Après avoir écarté du revers de la main le scénario du «statu quo», le Comité sur l'avenir de la profession a motivé son aversion à l'idée de contingentement traditionnel, c'est-à-dire lors de l'admission à l'École professionnelle. Le scénario «Albanie» n'est pas souhaitable parce que cette mesure serait perçue comme trop corporatiste, parce que la flexibilité et l'impact d'une telle mesure seraient douteux10.
La prise de position du Barreau repose sur des fondements fragiles parce que non démontrés, non vérifiés et non prouvés. En effet, comment peut-on présumer que les besoins de connaissances nécessaires à la pratique normale du droit ne sont pas satisfaits par les services actuellement rendus et disponibles (SOQUIJ, Illico Inc. et autres). Peut-on sérieusement prendre pour acquis que la maîtrise de la technologie a pour effet de qualifier avantageusement un avocat et que, d'autre part, un non-initié aux nouvelles technologies rend obsolète toutes les qualités résultant d'un long apprentissage à la rédaction, à la plaidoirie et à la négociation. Au fait, qu'est-ce qu'un avocat en cette fin de siècle?
SS = C (c1 + c2 + c3)
En conclusion, la stratégie «fine» du Barreau est résumée discrètement à un paragraphe de la page 104 du Rapport qui se lit comme suit:
«Enfin, certaines mesures touchant la qualification peuvent être implantées pour maintenir un haut degré de compétence, au sein de la profession et éliminer [compétition] un certain nombre de membres ne rencontrant pas ces exigences. Nous pensons ici à la formation continue obligatoire durant la carrière et des contrôles périodiques des connaissances qui, en cas d'échec, entraînent la perte du droit de pratique [contingentement]»11 Le scénario « Singapour» (S.S.) se présente comme un projet visant à instituer un système artificiel d'entropie. Le Barreau entend exercer, dans une vue d'ensemble, un contrôle (C) complet et vigilant sur la compétence (c1), la compétition (c2) et le contingentement (c3). Est-ce un scénario concocté dans l'intérêt public? Dans l'intérêt des membres?1. Claude SHANNON, co-auteur de The Mathematical Theory of Communication, 1949, élève de Norbert Wiener, fondateur de l'informatique et auteur de Cybernetics, 1948, tous deux produits du Massachussets Institute of Technology (M.I.T.).

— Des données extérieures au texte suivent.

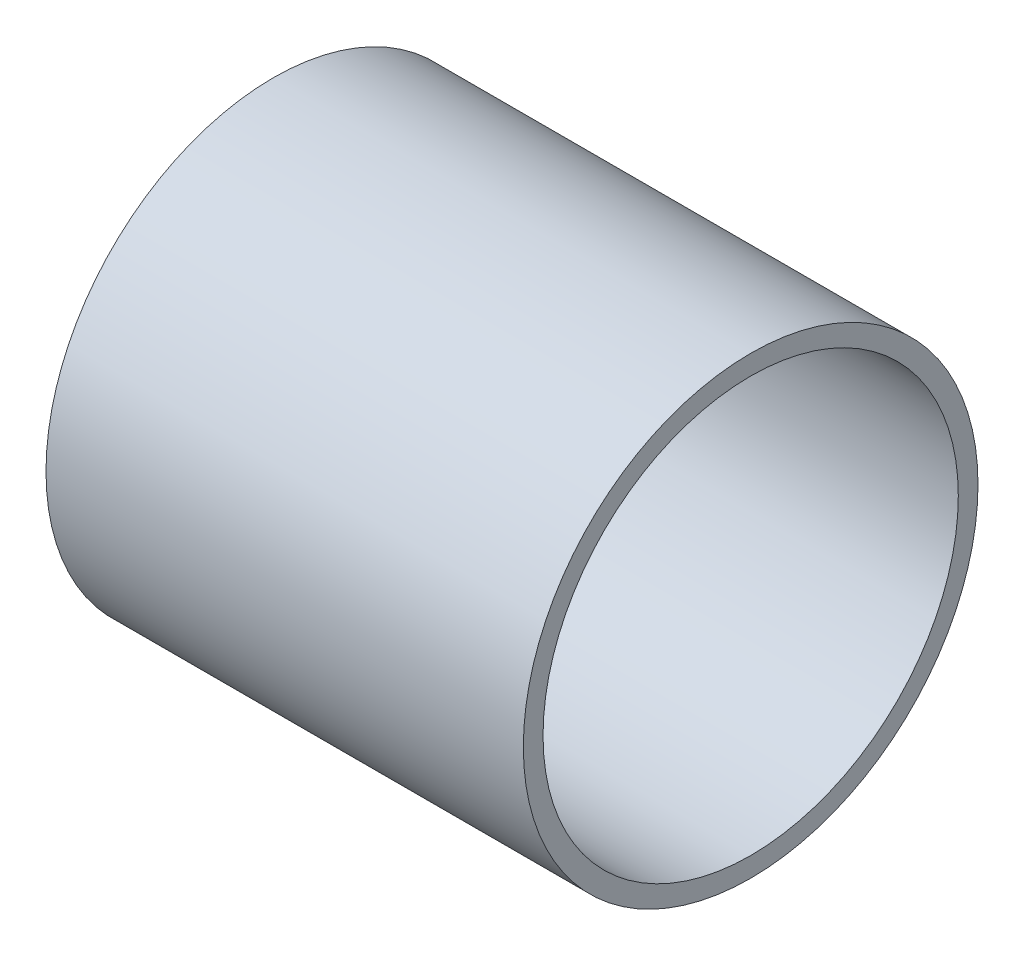
SolidWorks part; units mm, degrees
ref_plane "Alzado" through (0, 0, 0) normal (0, 0, 1) x (1, 0, 0)
ref_plane "Planta" through (0, 0, 0) normal (0, 1, 0) x (1, 0, 0)
ref_plane "Vista lateral" through (0, 0, 0) normal (1, 0, 0) x (0, 0, -1)
sketch "Croquis1" plane through (0, 0, 0) normal (1, 0, 0) x (0, 0, -1)
  circle A0 centre (0, 0) radius 19.05
  dimension "D1" = 38.1
extrude "Saliente-Extruir1" add sketch "Croquis1" along normal mid plane 40 contours A0
sketch "Croquis2" plane through (-20, 0, 0) normal (-1, 0, 0) x (0, 0, 1)
  circle A0 centre (0, 0) radius 17.4
  dimension "D1" = 34.8
extrude "Cortar-Extruir1" cut sketch "Croquis2" against normal blind 197 contours A0
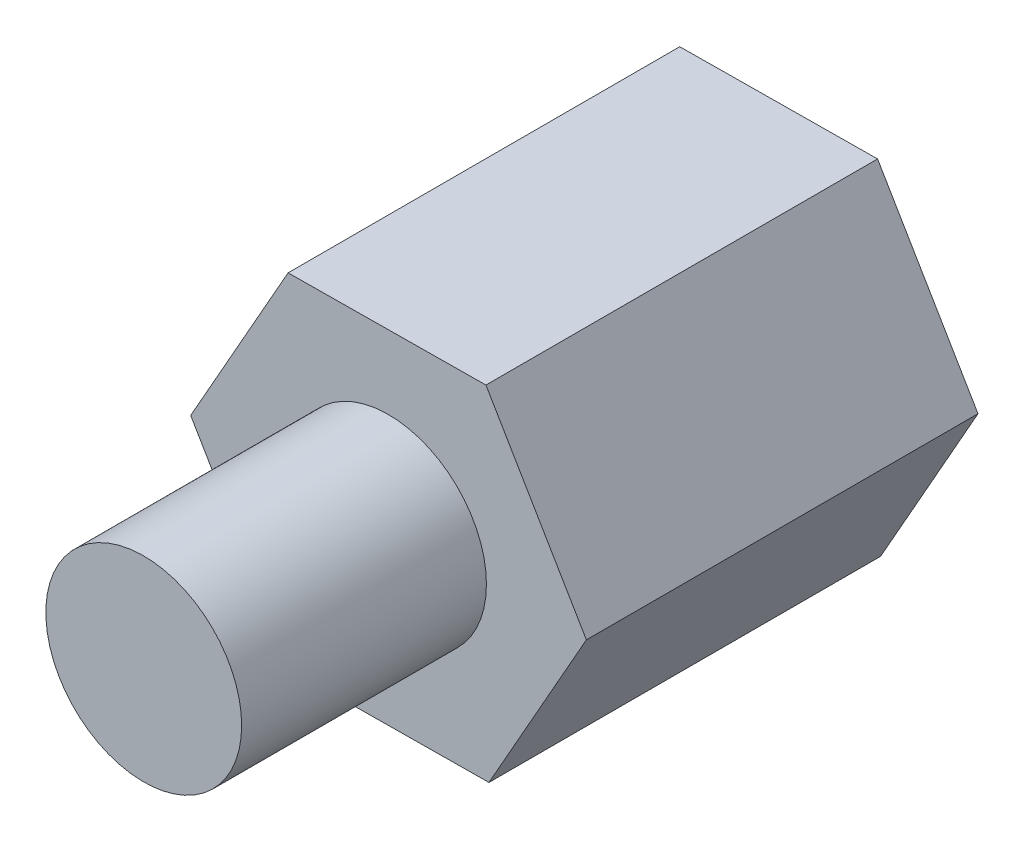
SolidWorks part; units mm, degrees
ref_plane "前视基准面" through (0, 0, 0) normal (0, 0, 1) x (1, 0, 0)
ref_plane "上视基准面" through (0, 0, 0) normal (0, 1, 0) x (1, 0, 0)
ref_plane "右视基准面" through (0, 0, 0) normal (1, 0, 0) x (0, 0, -1)
sketch "草图1" plane through (0, 0, 0) normal (0, 0, 1) x (1, 0, 0)
  line L1 (2.0515, -3.4821) -> (4.0413, 0.0356)
  line L2 (4.0413, 0.0356) -> (1.9898, 3.5177)
  line L3 (1.9898, 3.5177) -> (-2.0515, 3.4821)
  line L4 (-2.0515, 3.4821) -> (-4.0413, -0.0356)
  line L5 (-4.0413, -0.0356) -> (-1.9898, -3.5177)
  line L6 (-1.9898, -3.5177) -> (2.0515, -3.4821)
  circle A0 centre (0, 0) radius 3.5 construction
  circle A1 centre (0, 0) radius 2
extrude "凸台-拉伸1" add sketch "草图1" along normal blind 8
sketch "草图3" plane through (0, 0, 8) normal (0, 0, 1) x (1, 0, 0)
  circle A0 centre (0, 0) radius 2
extrude "凸台-拉伸2" add sketch "草图3" along normal blind 5 separate body

2. Cité du Rapport du Comité sur l'Avenir de la Profession (C.A.P.), page 98.
3. Rapport du C.A.P., page 126.
4. Procès-verbal du Conseil Général du 21 juin 1996, Résolution no 36, pages 12-17.
5. Procès-verbal du Conseil Général du Barreau, le 26 septembre 1996, "Orientations triennales".
6. Procès-verbal du Conseil Général des 12 et 13 décembre 1996, Résolution no 59.
7. Crop-Conseil, Étude du Marché des Services Juridiques au Québec, 1993, Montréal, pages 141 ss.
8. Document disponible au Service de documentation juridique au Barreau du Québec.
9. Rapport du C.A.P., page 125.
10. Rapport du C.A.P., page 104.
11. Rapport du C.A.P., page 104. Les soulignés et les crochets sont du soussigné.